# Coating recommendations for dance floor?



## Metro M & L (Jun 3, 2009)

What would you guys coat a dance floor with? Catalyzed water, oil, or a specialized gym or dance floor product?


----------



## pinwheel (Dec 7, 2009)

Oil Fabulon. I use it in commercial applications quite often & it stands the test of time.

One restaurant, 7 years with no further maintenance & last time I was in there, it still looked really good.


----------



## Metro M & L (Jun 3, 2009)

I found one 'dance instructor' who said he thought that the coefficient of friction should be 33% but haven't found that data in any spec sheets. Several dance studios are saying that bare wood is the way to go but that is not realistic for a multi use space (This particular dance floor will also be used for catered events etc).

I would definitely like to use an oil, we'll see if time and odor will allow.

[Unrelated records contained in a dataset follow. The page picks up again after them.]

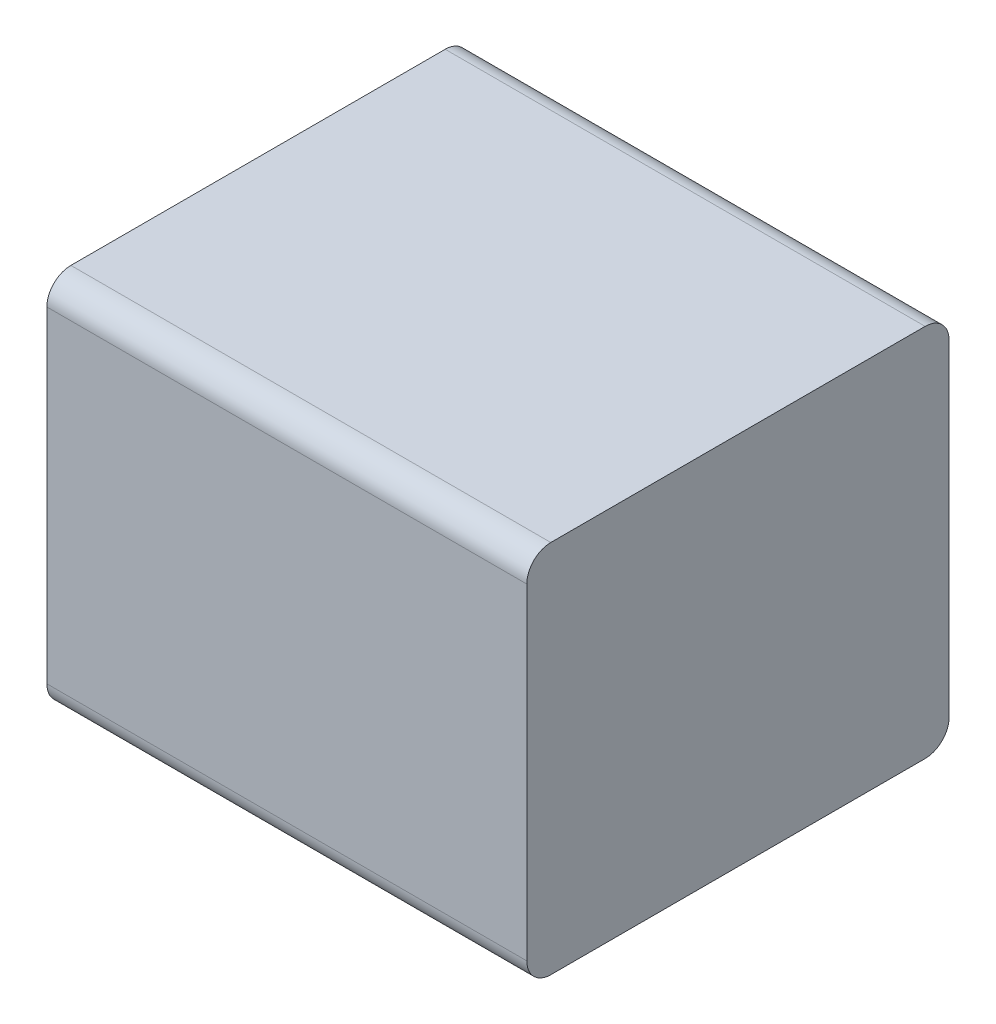
ISO-10303-21;
HEADER;
FILE_DESCRIPTION(('STEP AP214'),'2;1');
FILE_NAME('part.step','',(''),(''),'','','');
FILE_SCHEMA(('AUTOMOTIVE_DESIGN { 1 0 10303 214 1 1 1 1 }'));
ENDSEC;
DATA;
#1=APPLICATION_CONTEXT('core data for automotive mechanical design processes');
#2=APPLICATION_PROTOCOL_DEFINITION('international standard','automotive_design',2000,#1);
#3=PRODUCT_CONTEXT('',#1,'mechanical');
#4=PRODUCT('Part','Part','',(#3));
#5=PRODUCT_RELATED_PRODUCT_CATEGORY('part','',(#4));
#6=PRODUCT_DEFINITION_FORMATION('','',#4);
#7=PRODUCT_DEFINITION_CONTEXT('part definition',#1,'design');
#8=PRODUCT_DEFINITION('design','',#6,#7);
#9=PRODUCT_DEFINITION_SHAPE('','',#8);
#10=(LENGTH_UNIT() NAMED_UNIT(*) SI_UNIT(.MILLI.,.METRE.));
#11=(NAMED_UNIT(*) PLANE_ANGLE_UNIT() SI_UNIT($,.RADIAN.));
#12=(NAMED_UNIT(*) SI_UNIT($,.STERADIAN.) SOLID_ANGLE_UNIT());
#13=UNCERTAINTY_MEASURE_WITH_UNIT(LENGTH_MEASURE(1.E-05),#10,'distance_accuracy_value','');
#14=(GEOMETRIC_REPRESENTATION_CONTEXT(3) GLOBAL_UNCERTAINTY_ASSIGNED_CONTEXT((#13)) GLOBAL_UNIT_ASSIGNED_CONTEXT((#10,
#11,#12)) REPRESENTATION_CONTEXT('',''));
#15=CARTESIAN_POINT('',(0.,0.,0.));
#16=DIRECTION('',(0.,0.,1.));
#17=DIRECTION('',(1.,0.,0.));
#18=AXIS2_PLACEMENT_3D('',#15,#16,#17);
#19=CARTESIAN_POINT('',(0.,-0.34,0.0599999999999962));
#20=DIRECTION('',(1.,0.,0.));
#21=DIRECTION('',(0.,0.,-1.));
#22=AXIS2_PLACEMENT_3D('',#19,#20,#21);
#23=CYLINDRICAL_SURFACE('',#22,0.05);
#24=CARTESIAN_POINT('',(-0.499999999999989,-0.34,0.0599999999999926));
#25=DIRECTION('',(-1.,0.,0.));
#26=DIRECTION('',(0.,0.,-1.));
#27=AXIS2_PLACEMENT_3D('',#24,#25,#26);
#28=CIRCLE('',#27,0.05);
#29=CARTESIAN_POINT('',(-0.499999999999989,-0.34,0.00999999999999254));
#30=VERTEX_POINT('',#29);
#31=CARTESIAN_POINT('',(-0.499999999999989,-0.39,0.0599999999999962));
#32=VERTEX_POINT('',#31);
#33=EDGE_CURVE('E138',#30,#32,#28,.T.);
#34=ORIENTED_EDGE('',*,*,#33,.F.);
#35=DIRECTION('',(-1.,0.,0.));
#36=VECTOR('',#35,1.);
#37=CARTESIAN_POINT('',(0.,-0.34,0.00999999999999619));
#38=LINE('',#37,#36);
#39=CARTESIAN_POINT('',(0.5,-0.34,0.00999999999999984));
#40=VERTEX_POINT('',#39);
#41=EDGE_CURVE('E11',#40,#30,#38,.T.);
#42=ORIENTED_EDGE('',*,*,#41,.F.);
#43=CARTESIAN_POINT('',(0.5,-0.34,0.06));
#44=DIRECTION('',(1.,0.,0.));
#45=DIRECTION('',(0.,0.,-1.));
#46=AXIS2_PLACEMENT_3D('',#43,#44,#45);
#47=CIRCLE('',#46,0.05);
#48=CARTESIAN_POINT('',(0.5,-0.39,0.06));
#49=VERTEX_POINT('',#48);
#50=EDGE_CURVE('E164',#49,#40,#47,.T.);
#51=ORIENTED_EDGE('',*,*,#50,.F.);
#52=DIRECTION('',(-1.,0.,0.));
#53=VECTOR('',#52,1.);
#54=CARTESIAN_POINT('',(0.,-0.39,0.06));
#55=LINE('',#54,#53);
#56=EDGE_CURVE('E180',#49,#32,#55,.T.);
#57=ORIENTED_EDGE('',*,*,#56,.T.);
#58=EDGE_LOOP('',(#34,#42,#51,#57));
#59=FACE_BOUND('',#58,.T.);
#60=ADVANCED_FACE('F16',(#59),#23,.T.);
#61=CARTESIAN_POINT('',(0.,-0.39,0.00999999999999619));
#62=DIRECTION('',(0.,0.,-1.));
#63=DIRECTION('',(0.,-1.,0.));
#64=AXIS2_PLACEMENT_3D('',#61,#62,#63);
#65=PLANE('',#64);
#66=DIRECTION('',(-1.,0.,0.));
#67=VECTOR('',#66,1.);
#68=CARTESIAN_POINT('',(0.,0.34,0.0099999999999962));
#69=LINE('',#68,#67);
#70=CARTESIAN_POINT('',(0.5,0.34,0.00999999999999984));
#71=VERTEX_POINT('',#70);
#72=CARTESIAN_POINT('',(-0.499999999999989,0.34,0.00999999999999253));
#73=VERTEX_POINT('',#72);
#74=EDGE_CURVE('E122',#71,#73,#69,.T.);
#75=ORIENTED_EDGE('',*,*,#74,.F.);
#76=DIRECTION('',(0.,1.,0.));
#77=VECTOR('',#76,1.);
#78=CARTESIAN_POINT('',(0.5,-0.39,0.00999999999999986));
#79=LINE('',#78,#77);
#80=EDGE_CURVE('E161',#40,#71,#79,.T.);
#81=ORIENTED_EDGE('',*,*,#80,.F.);
#82=ORIENTED_EDGE('',*,*,#41,.T.);
#83=DIRECTION('',(0.,-1.,0.));
#84=VECTOR('',#83,1.);
#85=CARTESIAN_POINT('',(-0.499999999999989,-0.39,0.00999999999999249));
#86=LINE('',#85,#84);
#87=EDGE_CURVE('E133',#73,#30,#86,.T.);
#88=ORIENTED_EDGE('',*,*,#87,.F.);
#89=EDGE_LOOP('',(#75,#81,#82,#88));
#90=FACE_BOUND('',#89,.T.);
#91=ADVANCED_FACE('F134',(#90),#65,.T.);
#92=CARTESIAN_POINT('',(0.,-0.39,0.89));
#93=DIRECTION('',(0.,0.,1.));
#94=DIRECTION('',(1.,0.,0.));
#95=AXIS2_PLACEMENT_3D('',#92,#93,#94);
#96=PLANE('',#95);
#97=DIRECTION('',(-1.,0.,0.));
#98=VECTOR('',#97,1.);
#99=CARTESIAN_POINT('',(0.,-0.34,0.89));
#100=LINE('',#99,#98);
#101=CARTESIAN_POINT('',(0.50000000000001,-0.34,0.89));
#102=VERTEX_POINT('',#101);
#103=CARTESIAN_POINT('',(-0.499999999999989,-0.34,0.89));
#104=VERTEX_POINT('',#103);
#105=EDGE_CURVE('E27',#102,#104,#100,.T.);
#106=ORIENTED_EDGE('',*,*,#105,.F.);
#107=DIRECTION('',(0.,-1.,0.));
#108=VECTOR('',#107,1.);
#109=CARTESIAN_POINT('',(0.50000000000001,-0.39,0.89));
#110=LINE('',#109,#108);
#111=CARTESIAN_POINT('',(0.500000000000011,0.34,0.89));
#112=VERTEX_POINT('',#111);
#113=EDGE_CURVE('E169',#112,#102,#110,.T.);
#114=ORIENTED_EDGE('',*,*,#113,.F.);
#115=DIRECTION('',(1.,0.,0.));
#116=VECTOR('',#115,1.);
#117=CARTESIAN_POINT('',(0.,0.34,0.89));
#118=LINE('',#117,#116);
#119=CARTESIAN_POINT('',(-0.499999999999989,0.34,0.89));
#120=VERTEX_POINT('',#119);
#121=EDGE_CURVE('E144',#120,#112,#118,.T.);
#122=ORIENTED_EDGE('',*,*,#121,.F.);
#123=DIRECTION('',(0.,1.,0.));
#124=VECTOR('',#123,1.);
#125=CARTESIAN_POINT('',(-0.499999999999989,-0.39,0.89));
#126=LINE('',#125,#124);
#127=EDGE_CURVE('E20',#104,#120,#126,.T.);
#128=ORIENTED_EDGE('',*,*,#127,.F.);
#129=EDGE_LOOP('',(#106,#114,#122,#128));
#130=FACE_BOUND('',#129,.T.);
#131=ADVANCED_FACE('F294',(#130),#96,.T.);
#132=CARTESIAN_POINT('',(0.,-0.34,0.84));
#133=DIRECTION('',(-1.,0.,0.));
#134=DIRECTION('',(0.,0.,1.));
#135=AXIS2_PLACEMENT_3D('',#132,#133,#134);
#136=CYLINDRICAL_SURFACE('',#135,0.05);
#137=CARTESIAN_POINT('',(0.50000000000001,-0.34,0.84));
#138=DIRECTION('',(1.,0.,0.));
#139=DIRECTION('',(0.,0.,1.));
#140=AXIS2_PLACEMENT_3D('',#137,#138,#139);
#141=CIRCLE('',#140,0.05);
#142=CARTESIAN_POINT('',(0.50000000000001,-0.39,0.84));
#143=VERTEX_POINT('',#142);
#144=EDGE_CURVE('E154',#102,#143,#141,.T.);
#145=ORIENTED_EDGE('',*,*,#144,.F.);
#146=ORIENTED_EDGE('',*,*,#105,.T.);
#147=CARTESIAN_POINT('',(-0.499999999999989,-0.34,0.84));
#148=DIRECTION('',(-1.,0.,0.));
#149=DIRECTION('',(0.,0.,1.));
#150=AXIS2_PLACEMENT_3D('',#147,#148,#149);
#151=CIRCLE('',#150,0.05);
#152=CARTESIAN_POINT('',(-0.499999999999989,-0.39,0.84));
#153=VERTEX_POINT('',#152);
#154=EDGE_CURVE('E177',#153,#104,#151,.T.);
#155=ORIENTED_EDGE('',*,*,#154,.F.);
#156=DIRECTION('',(1.,0.,0.));
#157=VECTOR('',#156,1.);
#158=CARTESIAN_POINT('',(0.,-0.39,0.84));
#159=LINE('',#158,#157);
#160=EDGE_CURVE('E130',#153,#143,#159,.T.);
#161=ORIENTED_EDGE('',*,*,#160,.T.);
#162=EDGE_LOOP('',(#145,#146,#155,#161));
#163=FACE_BOUND('',#162,.T.);
#164=ADVANCED_FACE('F18',(#163),#136,.T.);
#165=CARTESIAN_POINT('',(0.,-0.39,0.45));
#166=DIRECTION('',(0.,1.,0.));
#167=DIRECTION('',(0.,0.,-1.));
#168=AXIS2_PLACEMENT_3D('',#165,#166,#167);
#169=PLANE('',#168);
#170=DIRECTION('',(0.,0.,-1.));
#171=VECTOR('',#170,1.);
#172=CARTESIAN_POINT('',(0.5,-0.39,0.45));
#173=LINE('',#172,#171);
#174=EDGE_CURVE('E157',#143,#49,#173,.T.);
#175=ORIENTED_EDGE('',*,*,#174,.F.);
#176=ORIENTED_EDGE('',*,*,#160,.F.);
#177=DIRECTION('',(0.,0.,1.));
#178=VECTOR('',#177,1.);
#179=CARTESIAN_POINT('',(-0.499999999999989,-0.39,0.449999999999993));
#180=LINE('',#179,#178);
#181=EDGE_CURVE('E173',#32,#153,#180,.T.);
#182=ORIENTED_EDGE('',*,*,#181,.F.);
#183=ORIENTED_EDGE('',*,*,#56,.F.);
#184=EDGE_LOOP('',(#175,#176,#182,#183));
#185=FACE_BOUND('',#184,.T.);
#186=ADVANCED_FACE('F215',(#185),#169,.F.);
#187=CARTESIAN_POINT('',(0.,0.34,0.0599999999999962));
#188=DIRECTION('',(1.,0.,0.));
#189=DIRECTION('',(0.,0.,-1.));
#190=AXIS2_PLACEMENT_3D('',#187,#188,#189);
#191=CYLINDRICAL_SURFACE('',#190,0.05);
#192=CARTESIAN_POINT('',(-0.499999999999989,0.34,0.0599999999999926));
#193=DIRECTION('',(-1.,0.,0.));
#194=DIRECTION('',(0.,0.,-1.));
#195=AXIS2_PLACEMENT_3D('',#192,#193,#194);
#196=CIRCLE('',#195,0.05);
#197=CARTESIAN_POINT('',(-0.499999999999989,0.39,0.0599999999999962));
#198=VERTEX_POINT('',#197);
#199=EDGE_CURVE('E126',#198,#73,#196,.T.);
#200=ORIENTED_EDGE('',*,*,#199,.F.);
#201=DIRECTION('',(-1.,0.,0.));
#202=VECTOR('',#201,1.);
#203=CARTESIAN_POINT('',(0.,0.39,0.06));
#204=LINE('',#203,#202);
#205=CARTESIAN_POINT('',(0.5,0.39,0.06));
#206=VERTEX_POINT('',#205);
#207=EDGE_CURVE('E160',#206,#198,#204,.T.);
#208=ORIENTED_EDGE('',*,*,#207,.F.);
#209=CARTESIAN_POINT('',(0.5,0.34,0.06));
#210=DIRECTION('',(1.,0.,0.));
#211=DIRECTION('',(0.,0.,-1.));
#212=AXIS2_PLACEMENT_3D('',#209,#210,#211);
#213=CIRCLE('',#212,0.05);
#214=EDGE_CURVE('E108',#71,#206,#213,.T.);
#215=ORIENTED_EDGE('',*,*,#214,.F.);
#216=ORIENTED_EDGE('',*,*,#74,.T.);
#217=EDGE_LOOP('',(#200,#208,#215,#216));
#218=FACE_BOUND('',#217,.T.);
#219=ADVANCED_FACE('F124',(#218),#191,.T.);
#220=CARTESIAN_POINT('',(-0.499999999999989,-0.39,0.449999999999993));
#221=DIRECTION('',(-1.,0.,0.));
#222=DIRECTION('',(0.,0.,1.));
#223=AXIS2_PLACEMENT_3D('',#220,#221,#222);
#224=PLANE('',#223);
#225=ORIENTED_EDGE('',*,*,#199,.T.);
#226=ORIENTED_EDGE('',*,*,#87,.T.);
#227=ORIENTED_EDGE('',*,*,#33,.T.);
#228=ORIENTED_EDGE('',*,*,#181,.T.);
#229=ORIENTED_EDGE('',*,*,#154,.T.);
#230=ORIENTED_EDGE('',*,*,#127,.T.);
#231=CARTESIAN_POINT('',(-0.499999999999989,0.34,0.84));
#232=DIRECTION('',(1.,0.,0.));
#233=DIRECTION('',(0.,0.,1.));
#234=AXIS2_PLACEMENT_3D('',#231,#232,#233);
#235=CIRCLE('',#234,0.05);
#236=CARTESIAN_POINT('',(-0.499999999999989,0.39,0.84));
#237=VERTEX_POINT('',#236);
#238=EDGE_CURVE('E87',#237,#120,#235,.T.);
#239=ORIENTED_EDGE('',*,*,#238,.F.);
#240=DIRECTION('',(0.,0.,1.));
#241=VECTOR('',#240,1.);
#242=CARTESIAN_POINT('',(-0.499999999999989,0.39,0.45));
#243=LINE('',#242,#241);
#244=EDGE_CURVE('E141',#198,#237,#243,.T.);
#245=ORIENTED_EDGE('',*,*,#244,.F.);
#246=EDGE_LOOP('',(#225,#226,#227,#228,#229,#230,#239,#245));
#247=FACE_BOUND('',#246,.T.);
#248=ADVANCED_FACE('F140',(#247),#224,.T.);
#249=CARTESIAN_POINT('',(0.,0.34,0.84));
#250=DIRECTION('',(-1.,0.,0.));
#251=DIRECTION('',(0.,0.,1.));
#252=AXIS2_PLACEMENT_3D('',#249,#250,#251);
#253=CYLINDRICAL_SURFACE('',#252,0.05);
#254=CARTESIAN_POINT('',(0.500000000000011,0.34,0.84));
#255=DIRECTION('',(1.,0.,0.));
#256=DIRECTION('',(0.,0.,1.));
#257=AXIS2_PLACEMENT_3D('',#254,#255,#256);
#258=CIRCLE('',#257,0.05);
#259=CARTESIAN_POINT('',(0.50000000000001,0.39,0.84));
#260=VERTEX_POINT('',#259);
#261=EDGE_CURVE('E97',#260,#112,#258,.T.);
#262=ORIENTED_EDGE('',*,*,#261,.F.);
#263=DIRECTION('',(1.,0.,0.));
#264=VECTOR('',#263,1.);
#265=CARTESIAN_POINT('',(0.,0.39,0.84));
#266=LINE('',#265,#264);
#267=EDGE_CURVE('E197',#237,#260,#266,.T.);
#268=ORIENTED_EDGE('',*,*,#267,.F.);
#269=ORIENTED_EDGE('',*,*,#238,.T.);
#270=ORIENTED_EDGE('',*,*,#121,.T.);
#271=EDGE_LOOP('',(#262,#268,#269,#270));
#272=FACE_BOUND('',#271,.T.);
#273=ADVANCED_FACE('F243',(#272),#253,.T.);
#274=CARTESIAN_POINT('',(0.5,-0.39,0.45));
#275=DIRECTION('',(1.,0.,0.));
#276=DIRECTION('',(0.,0.,-1.));
#277=AXIS2_PLACEMENT_3D('',#274,#275,#276);
#278=PLANE('',#277);
#279=ORIENTED_EDGE('',*,*,#144,.T.);
#280=ORIENTED_EDGE('',*,*,#174,.T.);
#281=ORIENTED_EDGE('',*,*,#50,.T.);
#282=ORIENTED_EDGE('',*,*,#80,.T.);
#283=ORIENTED_EDGE('',*,*,#214,.T.);
#284=DIRECTION('',(0.,0.,-1.));
#285=VECTOR('',#284,1.);
#286=CARTESIAN_POINT('',(0.50000000000001,0.39,0.45));
#287=LINE('',#286,#285);
#288=EDGE_CURVE('E193',#260,#206,#287,.T.);
#289=ORIENTED_EDGE('',*,*,#288,.F.);
#290=ORIENTED_EDGE('',*,*,#261,.T.);
#291=ORIENTED_EDGE('',*,*,#113,.T.);
#292=EDGE_LOOP('',(#279,#280,#281,#282,#283,#289,#290,#291));
#293=FACE_BOUND('',#292,.T.);
#294=ADVANCED_FACE('F255',(#293),#278,.T.);
#295=CARTESIAN_POINT('',(0.,0.39,0.45));
#296=DIRECTION('',(0.,1.,0.));
#297=DIRECTION('',(0.,0.,-1.));
#298=AXIS2_PLACEMENT_3D('',#295,#296,#297);
#299=PLANE('',#298);
#300=ORIENTED_EDGE('',*,*,#267,.T.);
#301=ORIENTED_EDGE('',*,*,#288,.T.);
#302=ORIENTED_EDGE('',*,*,#207,.T.);
#303=ORIENTED_EDGE('',*,*,#244,.T.);
#304=EDGE_LOOP('',(#300,#301,#302,#303));
#305=FACE_BOUND('',#304,.T.);
#306=ADVANCED_FACE('F251',(#305),#299,.T.);
#307=CLOSED_SHELL('',(#60,#91,#131,#164,#186,#219,#248,#273,#294,#306));
#308=MANIFOLD_SOLID_BREP('B1',#307);
#309=ADVANCED_BREP_SHAPE_REPRESENTATION('',(#18,#308),#14);
#310=SHAPE_DEFINITION_REPRESENTATION(#9,#309);
ENDSEC;
END-ISO-10303-21;

So on a side not can someone explain this to me. I was looking at the Duraseal Gymkote 350-550 line. The solids ratio is 45% for the 350 450 and 550 but the Vocs increase. How do you add more solvents without decreasing solids? If the vocs are increasing and the solids are remaining the same then the only conclusion is that there is a different mix of solvents - leading me to assume that there would be differences in performance ie shorter open time and faster dry vs. long open time slow dry.


----------



## astor (Dec 19, 2008)

I have done quite a bit of new Arthur Murray Dance Studios and some stages. Either Basic Coatings Street Shoe or penetrating oil by Dura Seal.
Basic Coatings:re-coat every year or so.
Penetrating Oil: re-coat every 6 months or so.
In both cases, you can extend the re-coating period as finish builds up.
Fabulon is my favorite finish but most of them needed to be use immediately, not enough time to cure. Addition to that I would also like to generate some business by re-coating


----------



## Metro M & L (Jun 3, 2009)

I was looking at the penetrating oil - kinda sounds like its boiled linseed with some solids in it. 

It's spec'd to be buffed with steel wool - do they make steel wool pads for buffers or can you use a maroon pad or similar?


----------



## pinwheel (Dec 7, 2009)

My suppliers carry steel wool for the buffer. If you have trouble finding some, let me know & I'll hook ya up.


----------



## BKA (May 3, 2007)

Don't assume it is wood. Many are vinyl. The finish depends greatly on the dance being done. Ballet gets one finish while if they do tap you want to be careful of metal oxide reactions.


----------



## floorinstall (Sep 8, 2007)

I use street shoe also have never had a problem as long as you are completely sanding the floor. Lot of the old floors have oil and wax finish


----------



## floorinstall (Sep 8, 2007)

You might be talking about a Danish oil finish like WATCO. It would still need to be top coated the finish its self is a mixture of tung oil and some polymers to harden it.


----------



## tom wentzwood (Dec 12, 2011)

i have always used street shoe low smell drys faster.


----------